**PROBLEM**
An exact copy of every entry is needed, without the pictures.

**EXTRACTED INFORMATION**

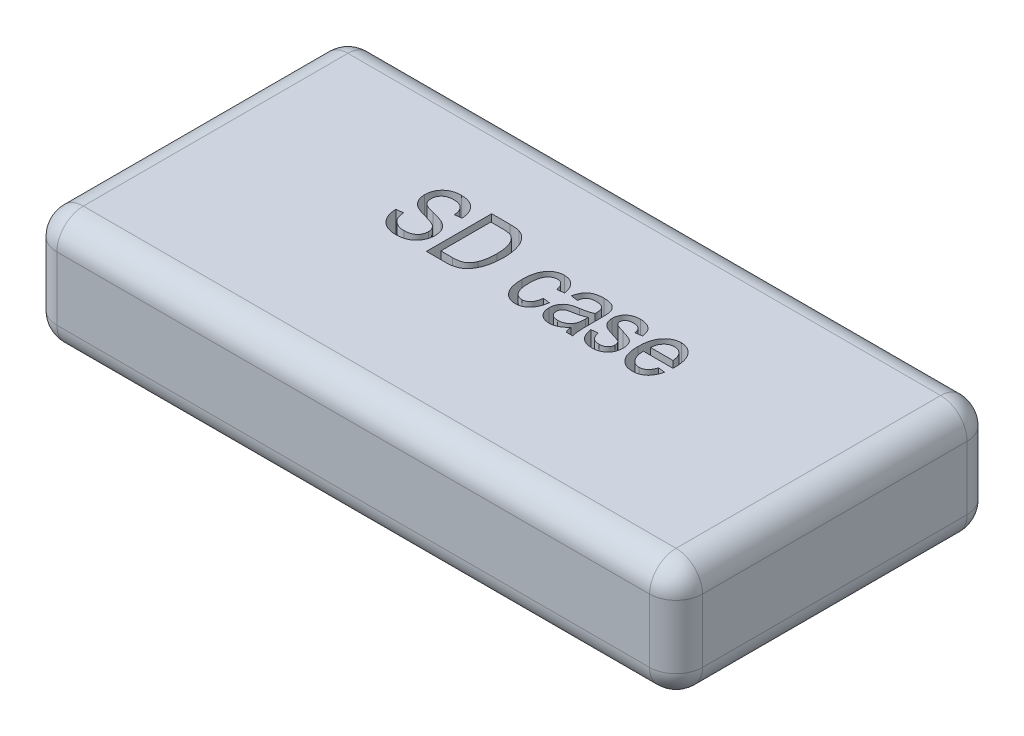
from build123d import *

# Parameters (mm, degrees)
SKETCH1_W           = 122
SKETCH1_H           = 60
BOSS_EXTRUDE1_DEPTH = 22
FILLET1_R           = 5
CUT_EXTRUDE1_DEPTH  = 23


with BuildPart() as part:
    # Sketch1 → Boss-Extrude1 (new body)
    with BuildSketch(Plane(origin=(0, 0, 0), x_dir=(1, 0, 0), z_dir=(0, 1, 0))):
        with Locations((56.214276145, -30)):
            Rectangle(SKETCH1_W, SKETCH1_H)
    extrude(amount=BOSS_EXTRUDE1_DEPTH)

    # Fillet1
    fillet1_edges = [part.edges().sort_by_distance(p)[0] for p in [
        (117.214276145, 22, 30),
        (56.214276145, 22, 0),
        (-4.785723855, 22, 30),
        (56.214276145, 0, 0),
        (117.214276145, 0, 30),
        (56.214276145, 0, 60),
        (-4.785723855, 0, 30),
        (-4.785723855, 11, 0),
        (117.214276145, 11, 0),
        (117.214276145, 11, 60),
        (-4.785723855, 11, 60),
        (56.214276145, 22, 60),
    ]]
    fillet(fillet1_edges, radius=FILLET1_R)

    # Sketch2 → Cut-Extrude1 (cut, through all)
    with BuildSketch(Plane(origin=(0, 22, 0), x_dir=(1, 0, 0), z_dir=(0, 1, 0))):
        with BuildLine():
            Line((30.277592906, -25.997425426), (31.55841677, -25.837322443))
            add(Edge.make_bspline(
                [(31.55841677, -25.837322443), (31.577066313, -26.00038168), (31.612435314, -26.309624773), (31.709305075, -26.742693066), (31.838868686, -27.118940399), (31.998936064, -27.445946572), (32.204060604, -27.72313712), (32.438365704, -27.972423696), (32.714343491, -28.189904924), (33.023274321, -28.379767363), (33.363302519, -28.533001799), (33.728113356, -28.638882457), (34.112557122, -28.706649404), (34.37577034, -28.714938862), (34.510315518, -28.719176136)],
                knots=[0, 0, 0, 0, 0.000492131, 0.00093333, 0.001328117, 0.001683882, 0.002020644, 0.00235862, 0.002707503, 0.00307133, 0.003444204, 0.003822551, 0.004208318, 0.004611706, 0.004611706, 0.004611706, 0.004611706], degree=3))
            add(Edge.make_bspline(
                [(34.510315518, -28.719176136), (34.606289806, -28.717225769), (34.792808014, -28.713435389), (35.064400108, -28.684926325), (35.320211863, -28.641980766), (35.557837712, -28.575170014), (35.781695147, -28.497041794), (35.985482284, -28.392881699), (36.176183321, -28.27516573), (36.348259767, -28.138113086), (36.499993433, -27.984070402), (36.637529507, -27.822402954), (36.749356762, -27.645416872), (36.84365281, -27.460090561), (36.912803688, -27.261861617), (36.966439022, -27.054677289), (36.996340563, -26.83466605), (37.00002984, -26.684619237), (37.00191819, -26.607818049)],
                knots=[0, 0, 0, 0, 0.000287859, 0.000559431, 0.000818537, 0.00106493, 0.001299175, 0.001528519, 0.001749936, 0.001970674, 0.00218648, 0.002397878, 0.002606053, 0.002813022, 0.003020339, 0.003234515, 0.003454216, 0.003684581, 0.003684581, 0.003684581, 0.003684581], degree=3))
            add(Edge.make_bspline(
                [(37.00191819, -26.607818049), (36.999164726, -26.519239483), (36.993801647, -26.346709956), (36.948152981, -26.095552712), (36.870319766, -25.862803318), (36.764360847, -25.646680063), (36.627512524, -25.448918545), (36.458509171, -25.270486461), (36.257688922, -25.112761562), (36.066067833, -24.993145513), (35.880958717, -24.906022024), (35.70607142, -24.830922657), (35.495451499, -24.751705286), (35.249440208, -24.666442309), (34.967959652, -24.577616667), (34.650854714, -24.482442924), (34.29923378, -24.379673344), (34.051792745, -24.311800444), (33.922437378, -24.276318359)],
                knots=[0, 0, 0, 0, 0.000265595, 0.000517315, 0.000762549, 0.000999727, 0.001237051, 0.001481262, 0.001734036, 0.002001334, 0.002156857, 0.002347374, 0.00257224, 0.002831733, 0.003128414, 0.003457639, 0.003824976, 0.00422737, 0.00422737, 0.00422737, 0.00422737], degree=3))
            add(Edge.make_bspline(
                [(33.922437378, -24.276318359), (33.806349655, -24.243564189), (33.582630724, -24.180441854), (33.261811788, -24.079421558), (32.966292112, -23.981362918), (32.697893266, -23.876745172), (32.453244467, -23.777388822), (32.237161985, -23.67076456), (32.046336696, -23.5663619), (31.826878867, -23.427858855), (31.587177658, -23.234149302), (31.3331276, -22.975307862), (31.11119846, -22.688692982), (30.92603839, -22.374329704), (30.77586493, -22.036078005), (30.676424658, -21.671467135), (30.60706887, -21.287860104), (30.600927725, -21.023717618), (30.597798872, -20.889139626)],
                knots=[0, 0, 0, 0, 0.000361835, 0.000697312, 0.001009001, 0.001295651, 0.001561399, 0.001800823, 0.002018045, 0.002213747, 0.002578648, 0.002939522, 0.003299788, 0.003663177, 0.004031738, 0.004406286, 0.004794519, 0.005197775, 0.005197775, 0.005197775, 0.005197775], degree=3))
            add(Edge.make_bspline(
                [(30.597798872, -20.889139626), (30.600559784, -20.76807724), (30.605987179, -20.530092984), (30.652319741, -20.181772345), (30.725760178, -19.849196535), (30.835347885, -19.535917672), (30.969423442, -19.237474036), (31.139216896, -18.95985585), (31.335554914, -18.696410222), (31.562869089, -18.453398878), (31.81323729, -18.230532002), (32.089523637, -18.03897683), (32.385895856, -17.876652768), (32.702415899, -17.739503585), (33.041993734, -17.638089679), (33.401401426, -17.566704951), (33.781118878, -17.519795733), (34.041536328, -17.514621238), (34.175099898, -17.51196733)],
                knots=[0, 0, 0, 0, 0.000363044, 0.000713671, 0.001052304, 0.00138299, 0.001707621, 0.002031963, 0.002357173, 0.002691725, 0.003028486, 0.003360899, 0.003697912, 0.004040842, 0.004393791, 0.004758803, 0.00513922, 0.005539759, 0.005539759, 0.005539759, 0.005539759], degree=3))
            add(Edge.make_bspline(
                [(34.175099898, -17.51196733), (34.35719142, -17.517050895), (34.712499826, -17.526970268), (35.227898377, -17.609929954), (35.707868725, -17.750473921), (36.150586229, -17.946043321), (36.552594363, -18.192936225), (36.906997964, -18.492649911), (37.21618248, -18.838481325), (37.473394422, -19.234151478), (37.68157221, -19.670613927), (37.834011705, -20.145937276), (37.933392967, -20.657569369), (37.952641474, -21.012094016), (37.962536088, -21.194335938)],
                knots=[0, 0, 0, 0, 0.000546045, 0.001065476, 0.001560997, 0.002042581, 0.002513263, 0.002971297, 0.003430211, 0.003899941, 0.004382206, 0.004876646, 0.00539376, 0.005940766, 0.005940766, 0.005940766, 0.005940766], degree=3))
            Line((37.962536088, -21.194335938), (36.681712225, -21.35443892))
            add(Edge.make_bspline(
                [(36.681712225, -21.35443892), (36.672316383, -21.255855325), (36.653993766, -21.063609704), (36.603368121, -20.78705463), (36.538662161, -20.529202847), (36.457537424, -20.29146418), (36.355599232, -20.074719086), (36.242103692, -19.876502208), (36.109906318, -19.698861729), (35.962414348, -19.540822493), (35.798008814, -19.402425539), (35.618890367, -19.281124751), (35.423536101, -19.178379604), (35.211598672, -19.096488274), (34.98583641, -19.030596046), (34.743501841, -18.986773115), (34.485955522, -18.958775941), (34.308595597, -18.954888205), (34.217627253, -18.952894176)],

**TASK SOLUTION**
from build123d import *

# Parameters (mm, degrees)
SKETCH1_W           = 122
SKETCH1_H           = 60
BOSS_EXTRUDE1_DEPTH = 22
FILLET1_R           = 5
CUT_EXTRUDE1_DEPTH  = 23


with BuildPart() as part:
    # Sketch1 → Boss-Extrude1 (new body)
    with BuildSketch(Plane(origin=(0, 0, 0), x_dir=(1, 0, 0), z_dir=(0, 1, 0))):
        with Locations((56.214276145, -30)):
            Rectangle(SKETCH1_W, SKETCH1_H)
    extrude(amount=BOSS_EXTRUDE1_DEPTH)

    # Fillet1
    fillet1_edges = [part.edges().sort_by_distance(p)[0] for p in [
        (117.214276145, 22, 30),
        (56.214276145, 22, 0),
        (-4.785723855, 22, 30),
        (56.214276145, 0, 0),
        (117.214276145, 0, 30),
        (56.214276145, 0, 60),
        (-4.785723855, 0, 30),
        (-4.785723855, 11, 0),
        (117.214276145, 11, 0),
        (117.214276145, 11, 60),
        (-4.785723855, 11, 60),
        (56.214276145, 22, 60),
    ]]
    fillet(fillet1_edges, radius=FILLET1_R)

    # Sketch2 → Cut-Extrude1 (cut, through all)
    with BuildSketch(Plane(origin=(0, 22, 0), x_dir=(1, 0, 0), z_dir=(0, 1, 0))):
        with BuildLine():
            Line((30.277592906, -25.997425426), (31.55841677, -25.837322443))
            add(Edge.make_bspline(
                [(31.55841677, -25.837322443), (31.577066313, -26.00038168), (31.612435314, -26.309624773), (31.709305075, -26.742693066), (31.838868686, -27.118940399), (31.998936064, -27.445946572), (32.204060604, -27.72313712), (32.438365704, -27.972423696), (32.714343491, -28.189904924), (33.023274321, -28.379767363), (33.363302519, -28.533001799), (33.728113356, -28.638882457), (34.112557122, -28.706649404), (34.37577034, -28.714938862), (34.510315518, -28.719176136)],
                knots=[0, 0, 0, 0, 0.000492131, 0.00093333, 0.001328117, 0.001683882, 0.002020644, 0.00235862, 0.002707503, 0.00307133, 0.003444204, 0.003822551, 0.004208318, 0.004611706, 0.004611706, 0.004611706, 0.004611706], degree=3))
            add(Edge.make_bspline(
                [(34.510315518, -28.719176136), (34.606289806, -28.717225769), (34.792808014, -28.713435389), (35.064400108, -28.684926325), (35.320211863, -28.641980766), (35.557837712, -28.575170014), (35.781695147, -28.497041794), (35.985482284, -28.392881699), (36.176183321, -28.27516573), (36.348259767, -28.138113086), (36.499993433, -27.984070402), (36.637529507, -27.822402954), (36.749356762, -27.645416872), (36.84365281, -27.460090561), (36.912803688, -27.261861617), (36.966439022, -27.054677289), (36.996340563, -26.83466605), (37.00002984, -26.684619237), (37.00191819, -26.607818049)],
                knots=[0, 0, 0, 0, 0.000287859, 0.000559431, 0.000818537, 0.00106493, 0.001299175, 0.001528519, 0.001749936, 0.001970674, 0.00218648, 0.002397878, 0.002606053, 0.002813022, 0.003020339, 0.003234515, 0.003454216, 0.003684581, 0.003684581, 0.003684581, 0.003684581], degree=3))
            add(Edge.make_bspline(
                [(37.00191819, -26.607818049), (36.999164726, -26.519239483), (36.993801647, -26.346709956), (36.948152981, -26.095552712), (36.870319766, -25.862803318), (36.764360847, -25.646680063), (36.627512524, -25.448918545), (36.458509171, -25.270486461), (36.257688922, -25.112761562), (36.066067833, -24.993145513), (35.880958717, -24.906022024), (35.70607142, -24.830922657), (35.495451499, -24.751705286), (35.249440208, -24.666442309), (34.967959652, -24.577616667), (34.650854714, -24.482442924), (34.29923378, -24.379673344), (34.051792745, -24.311800444), (33.922437378, -24.276318359)],
                knots=[0, 0, 0, 0, 0.000265595, 0.000517315, 0.000762549, 0.000999727, 0.001237051, 0.001481262, 0.001734036, 0.002001334, 0.002156857, 0.002347374, 0.00257224, 0.002831733, 0.003128414, 0.003457639, 0.003824976, 0.00422737, 0.00422737, 0.00422737, 0.00422737], degree=3))
            add(Edge.make_bspline(
                [(33.922437378, -24.276318359), (33.806349655, -24.243564189), (33.582630724, -24.180441854), (33.261811788, -24.079421558), (32.966292112, -23.981362918), (32.697893266, -23.876745172), (32.453244467, -23.777388822), (32.237161985, -23.67076456), (32.046336696, -23.5663619), (31.826878867, -23.427858855), (31.587177658, -23.234149302), (31.3331276, -22.975307862), (31.11119846, -22.688692982), (30.92603839, -22.374329704), (30.77586493, -22.036078005), (30.676424658, -21.671467135), (30.60706887, -21.287860104), (30.600927725, -21.023717618), (30.597798872, -20.889139626)],
                knots=[0, 0, 0, 0, 0.000361835, 0.000697312, 0.001009001, 0.001295651, 0.001561399, 0.001800823, 0.002018045, 0.002213747, 0.002578648, 0.002939522, 0.003299788, 0.003663177, 0.004031738, 0.004406286, 0.004794519, 0.005197775, 0.005197775, 0.005197775, 0.005197775], degree=3))
            add(Edge.make_bspline(
                [(30.597798872, -20.889139626), (30.600559784, -20.76807724), (30.605987179, -20.530092984), (30.652319741, -20.181772345), (30.725760178, -19.849196535), (30.835347885, -19.535917672), (30.969423442, -19.237474036), (31.139216896, -18.95985585), (31.335554914, -18.696410222), (31.562869089, -18.453398878), (31.81323729, -18.230532002), (32.089523637, -18.03897683), (32.385895856, -17.876652768), (32.702415899, -17.739503585), (33.041993734, -17.638089679), (33.401401426, -17.566704951), (33.781118878, -17.519795733), (34.041536328, -17.514621238), (34.175099898, -17.51196733)],
                knots=[0, 0, 0, 0, 0.000363044, 0.000713671, 0.001052304, 0.00138299, 0.001707621, 0.002031963, 0.002357173, 0.002691725, 0.003028486, 0.003360899, 0.003697912, 0.004040842, 0.004393791, 0.004758803, 0.00513922, 0.005539759, 0.005539759, 0.005539759, 0.005539759], degree=3))
            add(Edge.make_bspline(
                [(34.175099898, -17.51196733), (34.35719142, -17.517050895), (34.712499826, -17.526970268), (35.227898377, -17.609929954), (35.707868725, -17.750473921), (36.150586229, -17.946043321), (36.552594363, -18.192936225), (36.906997964, -18.492649911), (37.21618248, -18.838481325), (37.473394422, -19.234151478), (37.68157221, -19.670613927), (37.834011705, -20.145937276), (37.933392967, -20.657569369), (37.952641474, -21.012094016), (37.962536088, -21.194335938)],
                knots=[0, 0, 0, 0, 0.000546045, 0.001065476, 0.001560997, 0.002042581, 0.002513263, 0.002971297, 0.003430211, 0.003899941, 0.004382206, 0.004876646, 0.00539376, 0.005940766, 0.005940766, 0.005940766, 0.005940766], degree=3))
            Line((37.962536088, -21.194335938), (36.681712225, -21.35443892))
            add(Edge.make_bspline(
                [(36.681712225, -21.35443892), (36.672316383, -21.255855325), (36.653993766, -21.063609704), (36.603368121, -20.78705463), (36.538662161, -20.529202847), (36.457537424, -20.29146418), (36.355599232, -20.074719086), (36.242103692, -19.876502208), (36.109906318, -19.698861729), (35.962414348, -19.540822493), (35.798008814, -19.402425539), (35.618890367, -19.281124751), (35.423536101, -19.178379604), (35.211598672, -19.096488274), (34.98583641, -19.030596046), (34.743501841, -18.986773115), (34.485955522, -18.958775941), (34.308595597, -18.954888205), (34.217627253, -18.952894176)],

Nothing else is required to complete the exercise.